Your assignment → Every entry below should be transcribed exactly; pictures stay out of the copy.

Records supplied →
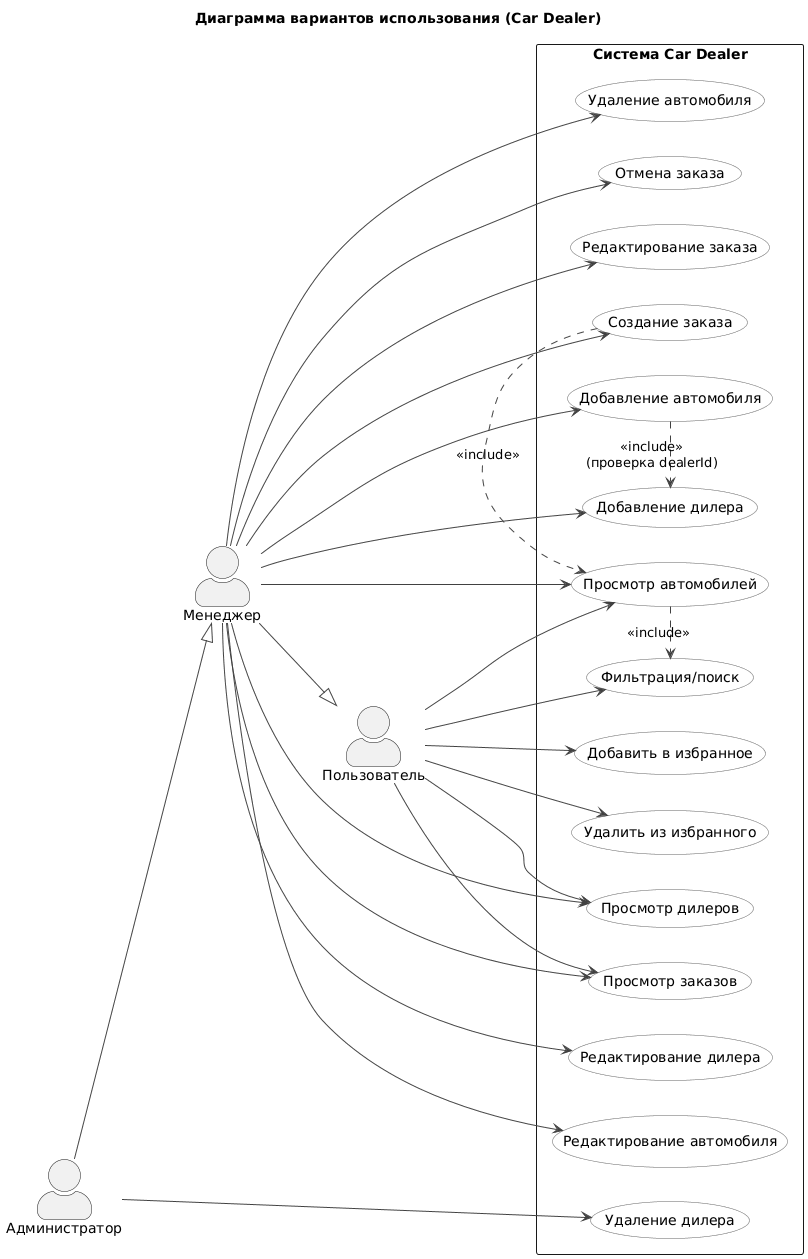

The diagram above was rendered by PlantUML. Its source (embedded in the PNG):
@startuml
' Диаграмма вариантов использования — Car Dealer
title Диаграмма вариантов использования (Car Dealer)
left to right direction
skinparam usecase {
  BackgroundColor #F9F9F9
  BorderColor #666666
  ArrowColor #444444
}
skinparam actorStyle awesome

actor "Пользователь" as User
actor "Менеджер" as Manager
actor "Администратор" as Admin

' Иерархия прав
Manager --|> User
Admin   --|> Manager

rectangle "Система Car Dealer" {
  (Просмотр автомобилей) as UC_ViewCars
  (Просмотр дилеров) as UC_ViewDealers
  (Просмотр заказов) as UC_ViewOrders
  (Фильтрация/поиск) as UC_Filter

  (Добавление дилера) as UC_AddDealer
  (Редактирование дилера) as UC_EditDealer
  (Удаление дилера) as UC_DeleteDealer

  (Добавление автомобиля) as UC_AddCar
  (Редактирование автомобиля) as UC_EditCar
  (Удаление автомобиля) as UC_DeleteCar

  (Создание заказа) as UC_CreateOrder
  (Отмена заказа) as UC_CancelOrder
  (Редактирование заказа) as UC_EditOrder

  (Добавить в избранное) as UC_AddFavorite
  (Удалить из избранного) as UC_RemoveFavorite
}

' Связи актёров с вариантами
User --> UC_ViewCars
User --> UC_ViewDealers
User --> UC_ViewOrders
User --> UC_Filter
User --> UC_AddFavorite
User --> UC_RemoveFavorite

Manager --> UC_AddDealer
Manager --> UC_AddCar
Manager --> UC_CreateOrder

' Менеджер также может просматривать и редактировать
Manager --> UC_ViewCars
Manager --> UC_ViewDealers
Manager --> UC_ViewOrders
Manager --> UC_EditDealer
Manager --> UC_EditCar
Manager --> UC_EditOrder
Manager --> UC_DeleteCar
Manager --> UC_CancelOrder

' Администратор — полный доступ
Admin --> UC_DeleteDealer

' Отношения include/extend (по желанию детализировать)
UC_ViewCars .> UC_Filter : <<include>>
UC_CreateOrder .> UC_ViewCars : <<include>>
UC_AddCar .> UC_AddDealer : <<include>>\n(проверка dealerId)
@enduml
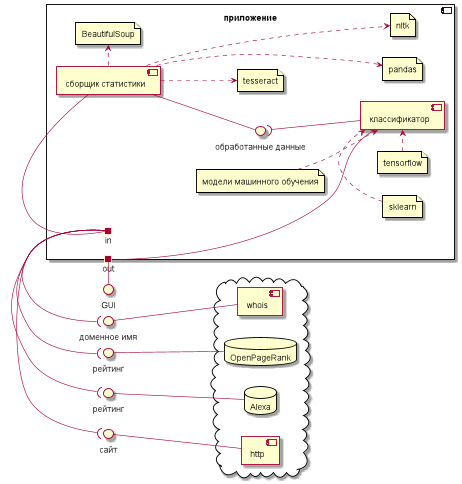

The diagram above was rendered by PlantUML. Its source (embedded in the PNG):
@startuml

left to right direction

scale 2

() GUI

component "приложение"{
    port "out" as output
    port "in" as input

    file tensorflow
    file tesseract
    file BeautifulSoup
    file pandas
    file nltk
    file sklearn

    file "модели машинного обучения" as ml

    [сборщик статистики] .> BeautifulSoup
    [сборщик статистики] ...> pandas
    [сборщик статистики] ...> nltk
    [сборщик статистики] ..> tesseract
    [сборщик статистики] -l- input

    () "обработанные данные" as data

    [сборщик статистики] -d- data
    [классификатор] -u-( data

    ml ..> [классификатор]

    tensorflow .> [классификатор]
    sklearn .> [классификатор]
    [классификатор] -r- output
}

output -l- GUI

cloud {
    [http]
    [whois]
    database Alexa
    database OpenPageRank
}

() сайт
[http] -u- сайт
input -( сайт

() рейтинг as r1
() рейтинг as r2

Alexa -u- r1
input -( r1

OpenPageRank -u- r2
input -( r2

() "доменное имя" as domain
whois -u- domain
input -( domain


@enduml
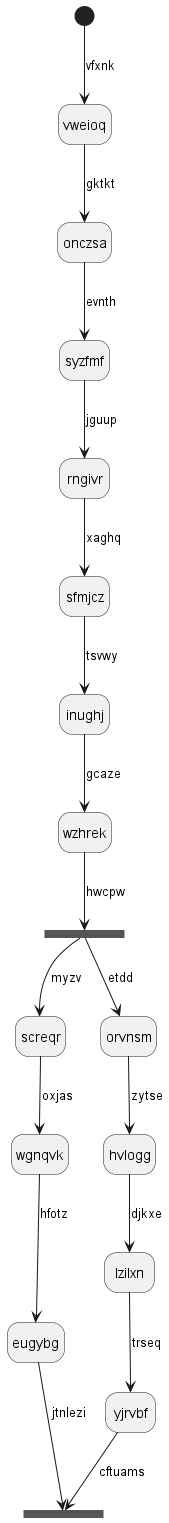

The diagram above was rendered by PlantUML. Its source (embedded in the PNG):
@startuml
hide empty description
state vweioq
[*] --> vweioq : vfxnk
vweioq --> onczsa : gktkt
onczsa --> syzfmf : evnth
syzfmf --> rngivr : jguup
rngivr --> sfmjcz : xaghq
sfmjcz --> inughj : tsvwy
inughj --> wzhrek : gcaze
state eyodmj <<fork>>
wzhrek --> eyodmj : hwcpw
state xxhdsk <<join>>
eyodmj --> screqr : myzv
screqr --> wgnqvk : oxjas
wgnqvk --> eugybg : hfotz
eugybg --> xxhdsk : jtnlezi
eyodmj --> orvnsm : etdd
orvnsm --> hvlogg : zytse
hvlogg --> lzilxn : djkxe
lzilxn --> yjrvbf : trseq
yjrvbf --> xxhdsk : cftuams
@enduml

Solution to the problem →
The diagram above was rendered by PlantUML. Its source (embedded in the PNG):
@startuml
' Диаграмма вариантов использования — Car Dealer
title Диаграмма вариантов использования (Car Dealer)
left to right direction
skinparam usecase {
  BackgroundColor #F9F9F9
  BorderColor #666666
  ArrowColor #444444
}
skinparam actorStyle awesome

actor "Пользователь" as User
actor "Менеджер" as Manager
actor "Администратор" as Admin

' Иерархия прав
Manager --|> User
Admin   --|> Manager

rectangle "Система Car Dealer" {
  (Просмотр автомобилей) as UC_ViewCars
  (Просмотр дилеров) as UC_ViewDealers
  (Просмотр заказов) as UC_ViewOrders
  (Фильтрация/поиск) as UC_Filter

  (Добавление дилера) as UC_AddDealer
  (Редактирование дилера) as UC_EditDealer
  (Удаление дилера) as UC_DeleteDealer

  (Добавление автомобиля) as UC_AddCar
  (Редактирование автомобиля) as UC_EditCar
  (Удаление автомобиля) as UC_DeleteCar

  (Создание заказа) as UC_CreateOrder
  (Отмена заказа) as UC_CancelOrder
  (Редактирование заказа) as UC_EditOrder

  (Добавить в избранное) as UC_AddFavorite
  (Удалить из избранного) as UC_RemoveFavorite
}

' Связи актёров с вариантами
User --> UC_ViewCars
User --> UC_ViewDealers
User --> UC_ViewOrders
User --> UC_Filter
User --> UC_AddFavorite
User --> UC_RemoveFavorite

Manager --> UC_AddDealer
Manager --> UC_AddCar
Manager --> UC_CreateOrder

' Менеджер также может просматривать и редактировать
Manager --> UC_ViewCars
Manager --> UC_ViewDealers
Manager --> UC_ViewOrders
Manager --> UC_EditDealer
Manager --> UC_EditCar
Manager --> UC_EditOrder
Manager --> UC_DeleteCar
Manager --> UC_CancelOrder

' Администратор — полный доступ
Admin --> UC_DeleteDealer

' Отношения include/extend (по желанию детализировать)
UC_ViewCars .> UC_Filter : <<include>>
UC_CreateOrder .> UC_ViewCars : <<include>>
UC_AddCar .> UC_AddDealer : <<include>>\n(проверка dealerId)
@enduml

The diagram above was rendered by PlantUML. Its source (embedded in the PNG):
@startuml

left to right direction

scale 2

() GUI

component "приложение"{
    port "out" as output
    port "in" as input

    file tensorflow
    file tesseract
    file BeautifulSoup
    file pandas
    file nltk
    file sklearn

    file "модели машинного обучения" as ml

    [сборщик статистики] .> BeautifulSoup
    [сборщик статистики] ...> pandas
    [сборщик статистики] ...> nltk
    [сборщик статистики] ..> tesseract
    [сборщик статистики] -l- input

    () "обработанные данные" as data

    [сборщик статистики] -d- data
    [классификатор] -u-( data

    ml ..> [классификатор]

    tensorflow .> [классификатор]
    sklearn .> [классификатор]
    [классификатор] -r- output
}

output -l- GUI

cloud {
    [http]
    [whois]
    database Alexa
    database OpenPageRank
}

() сайт
[http] -u- сайт
input -( сайт

() рейтинг as r1
() рейтинг as r2

Alexa -u- r1
input -( r1

OpenPageRank -u- r2
input -( r2

() "доменное имя" as domain
whois -u- domain
input -( domain


@enduml

The diagram above was rendered by PlantUML. Its source (embedded in the PNG):
@startuml
hide empty description
state vweioq
[*] --> vweioq : vfxnk
vweioq --> onczsa : gktkt
onczsa --> syzfmf : evnth
syzfmf --> rngivr : jguup
rngivr --> sfmjcz : xaghq
sfmjcz --> inughj : tsvwy
inughj --> wzhrek : gcaze
state eyodmj <<fork>>
wzhrek --> eyodmj : hwcpw
state xxhdsk <<join>>
eyodmj --> screqr : myzv
screqr --> wgnqvk : oxjas
wgnqvk --> eugybg : hfotz
eugybg --> xxhdsk : jtnlezi
eyodmj --> orvnsm : etdd
orvnsm --> hvlogg : zytse
hvlogg --> lzilxn : djkxe
lzilxn --> yjrvbf : trseq
yjrvbf --> xxhdsk : cftuams
@enduml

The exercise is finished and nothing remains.